◆ Materials provided
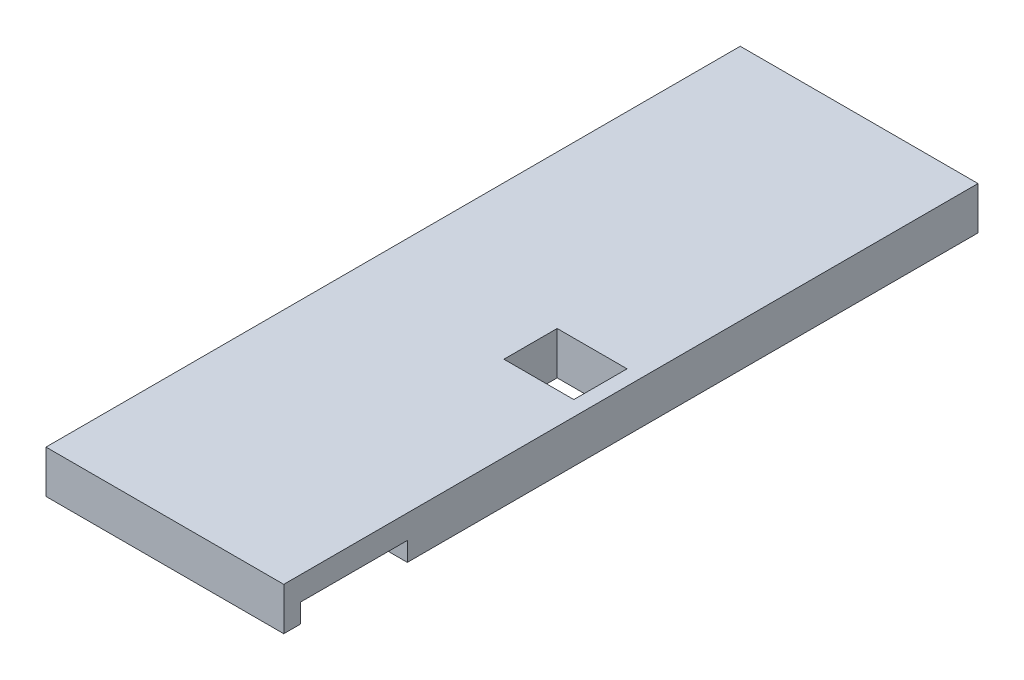
from build123d import *

# Parameters (mm, degrees)
SKETCH1_W           = 100
SKETCH1_H           = 292
BOSS_EXTRUDE1_DEPTH = 9
SKETCH2_W           = 29.4
SKETCH2_H           = 22.4
CUT_EXTRUDE1_DEPTH  = 19
SKETCH3_W           = 13.5
SKETCH3_H           = 45
CUT_EXTRUDE2_DEPTH  = 8


with BuildPart() as part:
    # Sketch1 → Boss-Extrude1 (new body, symmetric)
    with BuildSketch(Plane(origin=(0, 0, 0), x_dir=(1, 0, 0), z_dir=(0, 1, 0))):
        Rectangle(SKETCH1_W, SKETCH1_H)
    extrude(amount=BOSS_EXTRUDE1_DEPTH, both=True)

    # Sketch2 → Cut-Extrude1 (cut, through all)
    with BuildSketch(Plane.XZ.offset(9)):
        with Locations((29, 6.5)):
            Rectangle(SKETCH2_W, SKETCH2_H)
    extrude(amount=-CUT_EXTRUDE1_DEPTH, mode=Mode.SUBTRACT)

    # Sketch3 → Cut-Extrude2 (cut)
    with BuildSketch(Plane.XZ.offset(9)):
        with Locations((43.25, 116.521105827)):
            Rectangle(SKETCH3_W, SKETCH3_H)
    extrude(amount=-CUT_EXTRUDE2_DEPTH, mode=Mode.SUBTRACT)


solid = part.part
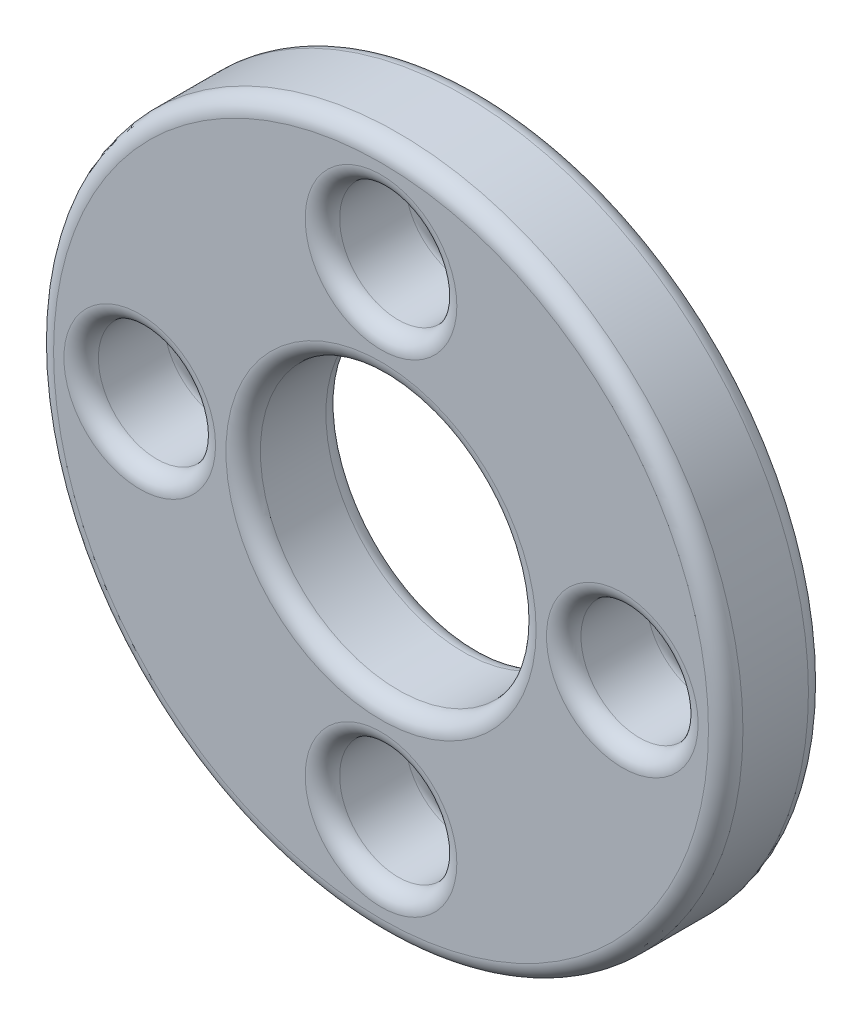
from build123d import *

# Parameters (mm, degrees)
SKETCH1_R            = 10
BOSS_EXTRUDE1_DEPTH  = 2.9
M3_CLEARANCE_HOLE1_D = 3.4
SKETCH4_R            = 4
CUT_EXTRUDE1_DEPTH   = 3.9
FILLET1_R            = 0.5


with BuildPart() as part:
    # Sketch1 → Boss-Extrude1 (new body)
    with BuildSketch(Plane.XY):
        Circle(SKETCH1_R)
    extrude(amount=BOSS_EXTRUDE1_DEPTH)

    # M3 Clearance Hole1 (through all)
    with Locations(Plane.XY.offset(2.9)):
        with Locations((7, 0), (0, 7), (-7, 0), (0, -7)):
            Hole(M3_CLEARANCE_HOLE1_D / 2)

    # Sketch4 → Cut-Extrude1 (cut, through all)
    with BuildSketch(Plane.XY.offset(2.9)):
        Circle(SKETCH4_R)
    extrude(amount=-CUT_EXTRUDE1_DEPTH, mode=Mode.SUBTRACT)

    # Fillet1
    fillet1_edges = [part.edges().sort_by_distance(p)[0] for p in [
        (1.7, -7, 2.9),
        (1.7, -7, 0),
        (-5.3, 0, 2.9),
        (-5.3, 0, 0),
        (-10, 0, 0),
        (1.7, 7, 2.9),
        (1.7, 7, 0),
        (-4, 0, 0),
        (-4, 0, 2.9),
        (-10, 0, 2.9),
        (8.7, 0, 2.9),
        (8.7, 0, 0),
    ]]
    fillet(fillet1_edges, radius=FILLET1_R)


solid = part.part
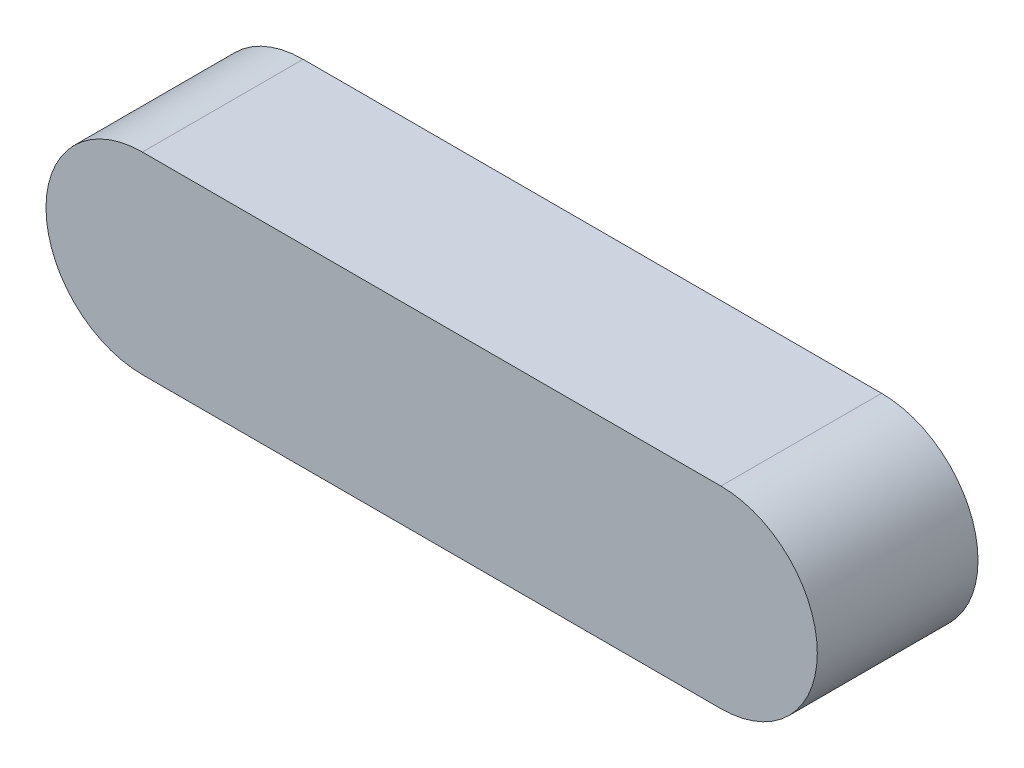
from build123d import *

# Parameters (mm, degrees)
BOSS_EXTRUDE1_DEPTH = 63.5


with BuildPart() as part:
    # Sketch1 → Boss-Extrude1 (new body)
    with BuildSketch(Plane.XY):
        with BuildLine():
            Line((0, 38.1), (228.6, 38.1))
            ThreePointArc((228.6, 38.1), (266.7, 0), (228.6, -38.1))
            Line((228.6, -38.1), (0, -38.1))
            ThreePointArc((0, -38.1), (-38.1, 0), (0, 38.1))
        make_face()
    extrude(amount=BOSS_EXTRUDE1_DEPTH)


solid = part.part
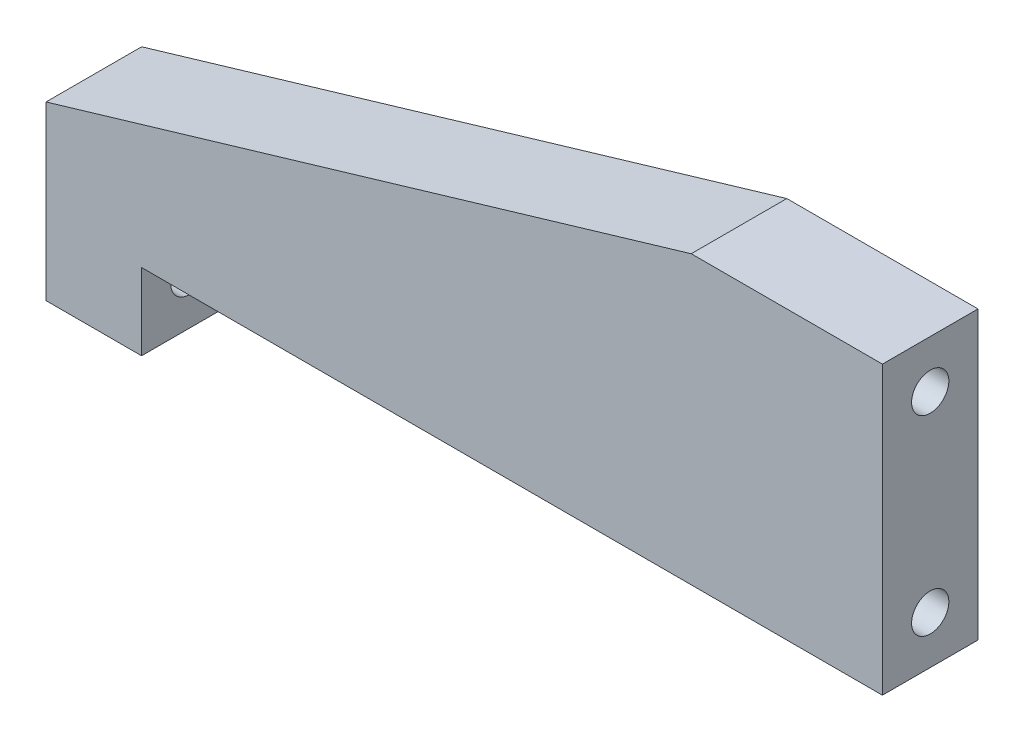
from build123d import *

# Parameters (mm, degrees)
EXTRUDE1_DEPTH                         = 10
F_4_0_4_DIAMETER_HOLE1_D               = 3.9
F_4_0_4_DIAMETER_HOLE1_DEPTH           = 15
F_4_0_4_DIAMETER_HOLE1_ON_FACE_2_D     = 3.9
F_4_0_4_DIAMETER_HOLE1_ON_FACE_2_DEPTH = 15
SKETCH3_W                              = 10
SKETCH3_H                              = 8
EXTRUDE2_DEPTH                         = 10
F_4_0_4_DIAMETER_HOLE2_D               = 3.9
F_4_0_4_DIAMETER_HOLE2_DEPTH           = 15


with BuildPart() as part:
    # Sketch1 → Extrude1 (new body)
    with BuildSketch(Plane.XY):
        Polygon((-43.75, -15), (-43.75, -5), (23.75, 15), (43.75, 15), (43.75, -15), align=None)
    extrude(amount=EXTRUDE1_DEPTH)

    # Ø4.0 (4) Diameter Hole1
    with Locations(Plane(origin=(-43.75, -10, 5), x_dir=(0, 0, -1), z_dir=(-1, 0, 0))):
        with Locations((0, 0)):
            Hole(F_4_0_4_DIAMETER_HOLE1_D / 2, depth=F_4_0_4_DIAMETER_HOLE1_DEPTH)

    # Ø4.0 (4) Diameter Hole1 on face 2
    with Locations(Plane(origin=(43.75, -10, 5), x_dir=(0, 0, 1), z_dir=(1, 0, 0))):
        with Locations((0, 0), (0, -20)):
            Hole(F_4_0_4_DIAMETER_HOLE1_ON_FACE_2_D / 2, depth=F_4_0_4_DIAMETER_HOLE1_ON_FACE_2_DEPTH)

    # Sketch3 → Extrude2 (add)
    with BuildSketch(Plane.XY):
        with Locations((-38.75, -19)):
            Rectangle(SKETCH3_W, SKETCH3_H)
    extrude(amount=EXTRUDE2_DEPTH)

    # Ø4.0 (4) Diameter Hole2
    with Locations(Plane(origin=(-43.75, -18, 5), x_dir=(0, 0, -1), z_dir=(-1, 0, 0))):
        with Locations((0, 0)):
            Hole(F_4_0_4_DIAMETER_HOLE2_D / 2, depth=F_4_0_4_DIAMETER_HOLE2_DEPTH)


solid = part.part
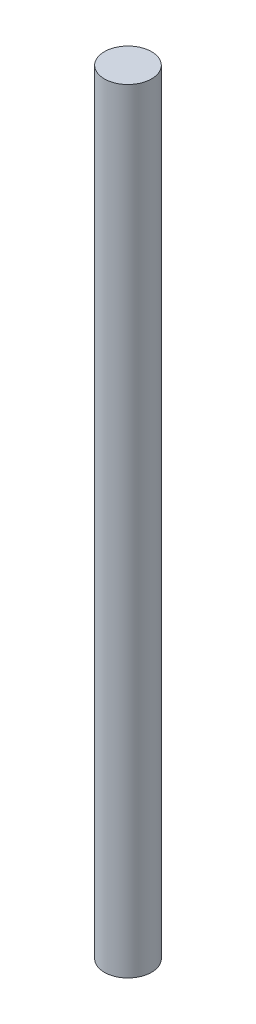
from build123d import *

# Parameters (mm, degrees)
SKETCH1_R           = 1.5875
BOSS_EXTRUDE1_DEPTH = 52.07


with BuildPart() as part:
    # Sketch1 → Boss-Extrude1 (new body)
    with BuildSketch(Plane(origin=(0, 0, 0), x_dir=(1, 0, 0), z_dir=(0, 1, 0))):
        Circle(SKETCH1_R)
    extrude(amount=BOSS_EXTRUDE1_DEPTH)


solid = part.part

◆ About this task
Could the entries above be returned verbatim, with no pictures included?

◆ Result of the task
from build123d import *

# Parameters (mm, degrees)
SKETCH1_W           = 100
SKETCH1_H           = 292
BOSS_EXTRUDE1_DEPTH = 9
SKETCH2_W           = 29.4
SKETCH2_H           = 22.4
CUT_EXTRUDE1_DEPTH  = 19
SKETCH3_W           = 13.5
SKETCH3_H           = 45
CUT_EXTRUDE2_DEPTH  = 8


with BuildPart() as part:
    # Sketch1 → Boss-Extrude1 (new body, symmetric)
    with BuildSketch(Plane(origin=(0, 0, 0), x_dir=(1, 0, 0), z_dir=(0, 1, 0))):
        Rectangle(SKETCH1_W, SKETCH1_H)
    extrude(amount=BOSS_EXTRUDE1_DEPTH, both=True)

    # Sketch2 → Cut-Extrude1 (cut, through all)
    with BuildSketch(Plane.XZ.offset(9)):
        with Locations((29, 6.5)):
            Rectangle(SKETCH2_W, SKETCH2_H)
    extrude(amount=-CUT_EXTRUDE1_DEPTH, mode=Mode.SUBTRACT)

    # Sketch3 → Cut-Extrude2 (cut)
    with BuildSketch(Plane.XZ.offset(9)):
        with Locations((43.25, 116.521105827)):
            Rectangle(SKETCH3_W, SKETCH3_H)
    extrude(amount=-CUT_EXTRUDE2_DEPTH, mode=Mode.SUBTRACT)


solid = part.part
from build123d import *

# Parameters (mm, degrees)
SKETCH1_R            = 10
BOSS_EXTRUDE1_DEPTH  = 2.9
M3_CLEARANCE_HOLE1_D = 3.4
SKETCH4_R            = 4
CUT_EXTRUDE1_DEPTH   = 3.9
FILLET1_R            = 0.5


with BuildPart() as part:
    # Sketch1 → Boss-Extrude1 (new body)
    with BuildSketch(Plane.XY):
        Circle(SKETCH1_R)
    extrude(amount=BOSS_EXTRUDE1_DEPTH)

    # M3 Clearance Hole1 (through all)
    with Locations(Plane.XY.offset(2.9)):
        with Locations((7, 0), (0, 7), (-7, 0), (0, -7)):
            Hole(M3_CLEARANCE_HOLE1_D / 2)

    # Sketch4 → Cut-Extrude1 (cut, through all)
    with BuildSketch(Plane.XY.offset(2.9)):
        Circle(SKETCH4_R)
    extrude(amount=-CUT_EXTRUDE1_DEPTH, mode=Mode.SUBTRACT)

    # Fillet1
    fillet1_edges = [part.edges().sort_by_distance(p)[0] for p in [
        (1.7, -7, 2.9),
        (1.7, -7, 0),
        (-5.3, 0, 2.9),
        (-5.3, 0, 0),
        (-10, 0, 0),
        (1.7, 7, 2.9),
        (1.7, 7, 0),
        (-4, 0, 0),
        (-4, 0, 2.9),
        (-10, 0, 2.9),
        (8.7, 0, 2.9),
        (8.7, 0, 0),
    ]]
    fillet(fillet1_edges, radius=FILLET1_R)


solid = part.part
from build123d import *

# Parameters (mm, degrees)
BOSS_EXTRUDE1_DEPTH = 63.5


with BuildPart() as part:
    # Sketch1 → Boss-Extrude1 (new body)
    with BuildSketch(Plane.XY):
        with BuildLine():
            Line((0, 38.1), (228.6, 38.1))
            ThreePointArc((228.6, 38.1), (266.7, 0), (228.6, -38.1))
            Line((228.6, -38.1), (0, -38.1))
            ThreePointArc((0, -38.1), (-38.1, 0), (0, 38.1))
        make_face()
    extrude(amount=BOSS_EXTRUDE1_DEPTH)


solid = part.part
from build123d import *

# Parameters (mm, degrees)
EXTRUDE1_DEPTH                         = 10
F_4_0_4_DIAMETER_HOLE1_D               = 3.9
F_4_0_4_DIAMETER_HOLE1_DEPTH           = 15
F_4_0_4_DIAMETER_HOLE1_ON_FACE_2_D     = 3.9
F_4_0_4_DIAMETER_HOLE1_ON_FACE_2_DEPTH = 15
SKETCH3_W                              = 10
SKETCH3_H                              = 8
EXTRUDE2_DEPTH                         = 10
F_4_0_4_DIAMETER_HOLE2_D               = 3.9
F_4_0_4_DIAMETER_HOLE2_DEPTH           = 15


with BuildPart() as part:
    # Sketch1 → Extrude1 (new body)
    with BuildSketch(Plane.XY):
        Polygon((-43.75, -15), (-43.75, -5), (23.75, 15), (43.75, 15), (43.75, -15), align=None)
    extrude(amount=EXTRUDE1_DEPTH)

    # Ø4.0 (4) Diameter Hole1
    with Locations(Plane(origin=(-43.75, -10, 5), x_dir=(0, 0, -1), z_dir=(-1, 0, 0))):
        with Locations((0, 0)):
            Hole(F_4_0_4_DIAMETER_HOLE1_D / 2, depth=F_4_0_4_DIAMETER_HOLE1_DEPTH)

    # Ø4.0 (4) Diameter Hole1 on face 2
    with Locations(Plane(origin=(43.75, -10, 5), x_dir=(0, 0, 1), z_dir=(1, 0, 0))):
        with Locations((0, 0), (0, -20)):
            Hole(F_4_0_4_DIAMETER_HOLE1_ON_FACE_2_D / 2, depth=F_4_0_4_DIAMETER_HOLE1_ON_FACE_2_DEPTH)

    # Sketch3 → Extrude2 (add)
    with BuildSketch(Plane.XY):
        with Locations((-38.75, -19)):
            Rectangle(SKETCH3_W, SKETCH3_H)
    extrude(amount=EXTRUDE2_DEPTH)

    # Ø4.0 (4) Diameter Hole2
    with Locations(Plane(origin=(-43.75, -18, 5), x_dir=(0, 0, -1), z_dir=(-1, 0, 0))):
        with Locations((0, 0)):
            Hole(F_4_0_4_DIAMETER_HOLE2_D / 2, depth=F_4_0_4_DIAMETER_HOLE2_DEPTH)


solid = part.part
from build123d import *

# Parameters (mm, degrees)
SKETCH1_R           = 1.5875
BOSS_EXTRUDE1_DEPTH = 52.07


with BuildPart() as part:
    # Sketch1 → Boss-Extrude1 (new body)
    with BuildSketch(Plane(origin=(0, 0, 0), x_dir=(1, 0, 0), z_dir=(0, 1, 0))):
        Circle(SKETCH1_R)
    extrude(amount=BOSS_EXTRUDE1_DEPTH)


solid = part.part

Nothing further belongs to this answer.